The process was pretty simple. While I can dip into my bag of screen-scrapers to harvest series directly from the NAA’s RecordSearch database, there was already an XML dump of A1 available from data.gov.au. So I extracted the basic file metadata from the XML and wrote the identifiers and titles out to a text file, one item per line. Following the instructions on the website I then loaded this file into Mallet:
/Applications/Mallet/bin/mallet import-file --input ./A1.txt --output A1.mallet --keep-sequence --remove-stopwords
Then it was just a matter of firing up the topic modeller:
/Applications/Mallet/bin/mallet train-topics --input ./A1.mallet --output-state ./A1.gz --output-doc-topics ./A1-topics.txt --output-topic-keys ./A1-keys.txt --num-topics 40
Again, I just followed the examples on the Mallet site.
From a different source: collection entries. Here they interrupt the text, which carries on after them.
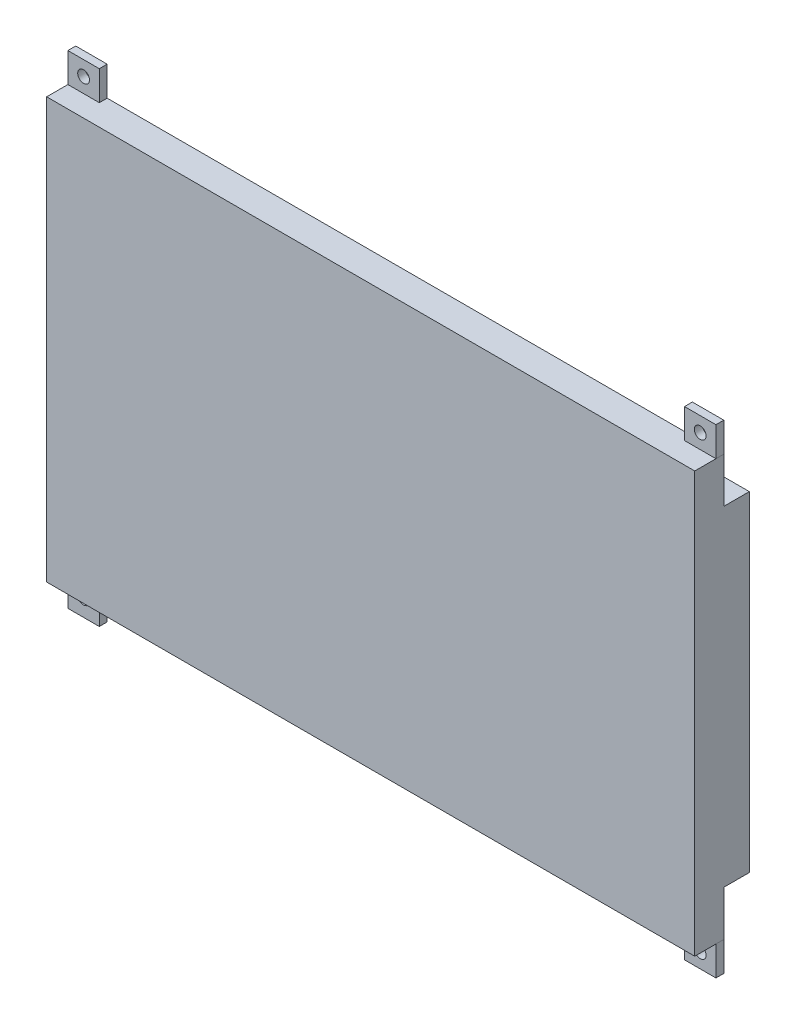
ISO-10303-21;
HEADER;
FILE_DESCRIPTION(('STEP AP214'),'2;1');
FILE_NAME('part.step','',(''),(''),'','','');
FILE_SCHEMA(('AUTOMOTIVE_DESIGN { 1 0 10303 214 1 1 1 1 }'));
ENDSEC;
DATA;
#1=APPLICATION_CONTEXT('core data for automotive mechanical design processes');
#2=APPLICATION_PROTOCOL_DEFINITION('international standard','automotive_design',2000,#1);
#3=PRODUCT_CONTEXT('',#1,'mechanical');
#4=PRODUCT('Part','Part','',(#3));
#5=PRODUCT_RELATED_PRODUCT_CATEGORY('part','',(#4));
#6=PRODUCT_DEFINITION_FORMATION('','',#4);
#7=PRODUCT_DEFINITION_CONTEXT('part definition',#1,'design');
#8=PRODUCT_DEFINITION('design','',#6,#7);
#9=PRODUCT_DEFINITION_SHAPE('','',#8);
#10=(LENGTH_UNIT() NAMED_UNIT(*) SI_UNIT(.MILLI.,.METRE.));
#11=(NAMED_UNIT(*) PLANE_ANGLE_UNIT() SI_UNIT($,.RADIAN.));
#12=(NAMED_UNIT(*) SI_UNIT($,.STERADIAN.) SOLID_ANGLE_UNIT());
#13=UNCERTAINTY_MEASURE_WITH_UNIT(LENGTH_MEASURE(1.E-05),#10,'distance_accuracy_value','');
#14=(GEOMETRIC_REPRESENTATION_CONTEXT(3) GLOBAL_UNCERTAINTY_ASSIGNED_CONTEXT((#13)) GLOBAL_UNIT_ASSIGNED_CONTEXT((#10,
#11,#12)) REPRESENTATION_CONTEXT('',''));
#15=CARTESIAN_POINT('',(0.,0.,0.));
#16=DIRECTION('',(0.,0.,1.));
#17=DIRECTION('',(1.,0.,0.));
#18=AXIS2_PLACEMENT_3D('',#15,#16,#17);
#19=CARTESIAN_POINT('',(82.5,-53.5,2.));
#20=DIRECTION('',(1.,0.,0.));
#21=DIRECTION('',(0.,0.,-1.));
#22=AXIS2_PLACEMENT_3D('',#19,#20,#21);
#23=PLANE('',#22);
#24=DIRECTION('',(0.,-1.,0.));
#25=VECTOR('',#24,1.);
#26=CARTESIAN_POINT('',(82.5,-53.5,0.));
#27=LINE('',#26,#25);
#28=CARTESIAN_POINT('',(82.5,-53.5,0.));
#29=VERTEX_POINT('',#28);
#30=CARTESIAN_POINT('',(82.5,-61.,0.));
#31=VERTEX_POINT('',#30);
#32=EDGE_CURVE('E109',#29,#31,#27,.T.);
#33=ORIENTED_EDGE('',*,*,#32,.F.);
#34=DIRECTION('',(0.,0.,-1.));
#35=VECTOR('',#34,1.);
#36=CARTESIAN_POINT('',(82.5,-53.5,2.));
#37=LINE('',#36,#35);
#38=CARTESIAN_POINT('',(82.5,-53.5,2.));
#39=VERTEX_POINT('',#38);
#40=EDGE_CURVE('E12',#39,#29,#37,.T.);
#41=ORIENTED_EDGE('',*,*,#40,.F.);
#42=DIRECTION('',(0.,-1.,0.));
#43=VECTOR('',#42,1.);
#44=CARTESIAN_POINT('',(82.5,-53.5,2.));
#45=LINE('',#44,#43);
#46=CARTESIAN_POINT('',(82.5,-61.,2.));
#47=VERTEX_POINT('',#46);
#48=EDGE_CURVE('E102',#39,#47,#45,.T.);
#49=ORIENTED_EDGE('',*,*,#48,.T.);
#50=DIRECTION('',(0.,0.,-1.));
#51=VECTOR('',#50,1.);
#52=CARTESIAN_POINT('',(82.5,-61.,2.));
#53=LINE('',#52,#51);
#54=EDGE_CURVE('E47',#47,#31,#53,.T.);
#55=ORIENTED_EDGE('',*,*,#54,.T.);
#56=EDGE_LOOP('',(#33,#41,#49,#55));
#57=FACE_BOUND('',#56,.T.);
#58=ADVANCED_FACE('F44',(#57),#23,.T.);
#59=CARTESIAN_POINT('',(82.5,-53.5,2.));
#60=DIRECTION('',(0.,1.,0.));
#61=DIRECTION('',(-1.,0.,0.));
#62=AXIS2_PLACEMENT_3D('',#59,#60,#61);
#63=PLANE('',#62);
#64=DIRECTION('',(1.,0.,0.));
#65=VECTOR('',#64,1.);
#66=CARTESIAN_POINT('',(82.5,-53.5,0.));
#67=LINE('',#66,#65);
#68=CARTESIAN_POINT('',(74.5,-53.5,0.));
#69=VERTEX_POINT('',#68);
#70=EDGE_CURVE('E104',#69,#29,#67,.T.);
#71=ORIENTED_EDGE('',*,*,#70,.F.);
#72=DIRECTION('',(0.,0.,-1.));
#73=VECTOR('',#72,1.);
#74=CARTESIAN_POINT('',(74.5,-53.5,2.));
#75=LINE('',#74,#73);
#76=CARTESIAN_POINT('',(74.5,-53.5,2.));
#77=VERTEX_POINT('',#76);
#78=EDGE_CURVE('E53',#77,#69,#75,.T.);
#79=ORIENTED_EDGE('',*,*,#78,.F.);
#80=DIRECTION('',(1.,0.,0.));
#81=VECTOR('',#80,1.);
#82=CARTESIAN_POINT('',(82.5,-53.5,2.));
#83=LINE('',#82,#81);
#84=EDGE_CURVE('E99',#77,#39,#83,.T.);
#85=ORIENTED_EDGE('',*,*,#84,.T.);
#86=ORIENTED_EDGE('',*,*,#40,.T.);
#87=EDGE_LOOP('',(#71,#79,#85,#86));
#88=FACE_BOUND('',#87,.T.);
#89=ADVANCED_FACE('F120',(#88),#63,.T.);
#90=CARTESIAN_POINT('',(74.5,-53.5,2.));
#91=DIRECTION('',(-1.,0.,0.));
#92=DIRECTION('',(0.,-1.,0.));
#93=AXIS2_PLACEMENT_3D('',#90,#91,#92);
#94=PLANE('',#93);
#95=DIRECTION('',(0.,1.,0.));
#96=VECTOR('',#95,1.);
#97=CARTESIAN_POINT('',(74.5,-53.5,0.));
#98=LINE('',#97,#96);
#99=CARTESIAN_POINT('',(74.5,-61.,0.));
#100=VERTEX_POINT('',#99);
#101=EDGE_CURVE('E94',#100,#69,#98,.T.);
#102=ORIENTED_EDGE('',*,*,#101,.F.);
#103=DIRECTION('',(0.,0.,-1.));
#104=VECTOR('',#103,1.);
#105=CARTESIAN_POINT('',(74.5,-61.,2.));
#106=LINE('',#105,#104);
#107=CARTESIAN_POINT('',(74.5,-61.,2.));
#108=VERTEX_POINT('',#107);
#109=EDGE_CURVE('E89',#108,#100,#106,.T.);
#110=ORIENTED_EDGE('',*,*,#109,.F.);
#111=DIRECTION('',(0.,1.,0.));
#112=VECTOR('',#111,1.);
#113=CARTESIAN_POINT('',(74.5,-53.5,2.));
#114=LINE('',#113,#112);
#115=EDGE_CURVE('E92',#108,#77,#114,.T.);
#116=ORIENTED_EDGE('',*,*,#115,.T.);
#117=ORIENTED_EDGE('',*,*,#78,.T.);
#118=EDGE_LOOP('',(#102,#110,#116,#117));
#119=FACE_BOUND('',#118,.T.);
#120=ADVANCED_FACE('F91',(#119),#94,.T.);
#121=CARTESIAN_POINT('',(82.5,-61.,2.));
#122=DIRECTION('',(0.,-1.,0.));
#123=DIRECTION('',(0.,0.,-1.));
#124=AXIS2_PLACEMENT_3D('',#121,#122,#123);
#125=PLANE('',#124);
#126=DIRECTION('',(-1.,0.,0.));
#127=VECTOR('',#126,1.);
#128=CARTESIAN_POINT('',(82.5,-61.,0.));
#129=LINE('',#128,#127);
#130=EDGE_CURVE('E112',#31,#100,#129,.T.);
#131=ORIENTED_EDGE('',*,*,#130,.F.);
#132=ORIENTED_EDGE('',*,*,#54,.F.);
#133=DIRECTION('',(-1.,0.,0.));
#134=VECTOR('',#133,1.);
#135=CARTESIAN_POINT('',(82.5,-61.,2.));
#136=LINE('',#135,#134);
#137=EDGE_CURVE('E98',#47,#108,#136,.T.);
#138=ORIENTED_EDGE('',*,*,#137,.T.);
#139=ORIENTED_EDGE('',*,*,#109,.T.);
#140=EDGE_LOOP('',(#131,#132,#138,#139));
#141=FACE_BOUND('',#140,.T.);
#142=ADVANCED_FACE('F101',(#141),#125,.T.);
#143=CARTESIAN_POINT('',(0.,0.,2.));
#144=DIRECTION('',(0.,0.,-1.));
#145=DIRECTION('',(-1.,0.,0.));
#146=AXIS2_PLACEMENT_3D('',#143,#144,#145);
#147=PLANE('',#146);
#148=CARTESIAN_POINT('',(78.5,-57.25,2.));
#149=DIRECTION('',(0.,0.,-1.));
#150=DIRECTION('',(-1.,0.,0.));
#151=AXIS2_PLACEMENT_3D('',#148,#149,#150);
#152=CIRCLE('',#151,1.5);
#153=CARTESIAN_POINT('',(77.,-57.25,2.));
#154=VERTEX_POINT('',#153);
#155=EDGE_CURVE('E113',#154,#154,#152,.T.);
#156=ORIENTED_EDGE('',*,*,#155,.T.);
#157=EDGE_LOOP('',(#156));
#158=FACE_BOUND('',#157,.T.);
#159=ORIENTED_EDGE('',*,*,#48,.F.);
#160=ORIENTED_EDGE('',*,*,#84,.F.);
#161=ORIENTED_EDGE('',*,*,#115,.F.);
#162=ORIENTED_EDGE('',*,*,#137,.F.);
#163=EDGE_LOOP('',(#159,#160,#161,#162));
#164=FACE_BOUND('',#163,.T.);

Once it was finished I opened up A1-keys.txt to browse the ‘topics’ Mallet had found. The results were intriguing. There are a large number of applications for naturalisation in A1, so it’s no surprise that ‘naturalisation’ figures prominently in a number of the topics. What was more interesting was the way Mallet had grouped the naturalisation files. For example:
naturalization christian hans hansen jensen petersen andersen nielsen larsen christensen johannes jens niels pedersen andreas johansen martin jorgensen
naturalisation certificate giuseppe salvatore frank la leo samios spina sorbello leonardo fisher natale patane torrisi barbagallo luka rossi ross
Based on the co-occurrence of names within the file titles, Mallet had created groupings that roughly reflected the ethnic origins of applicants. It makes sense when you think about what Mallet is doing, but I still found it pretty amazing.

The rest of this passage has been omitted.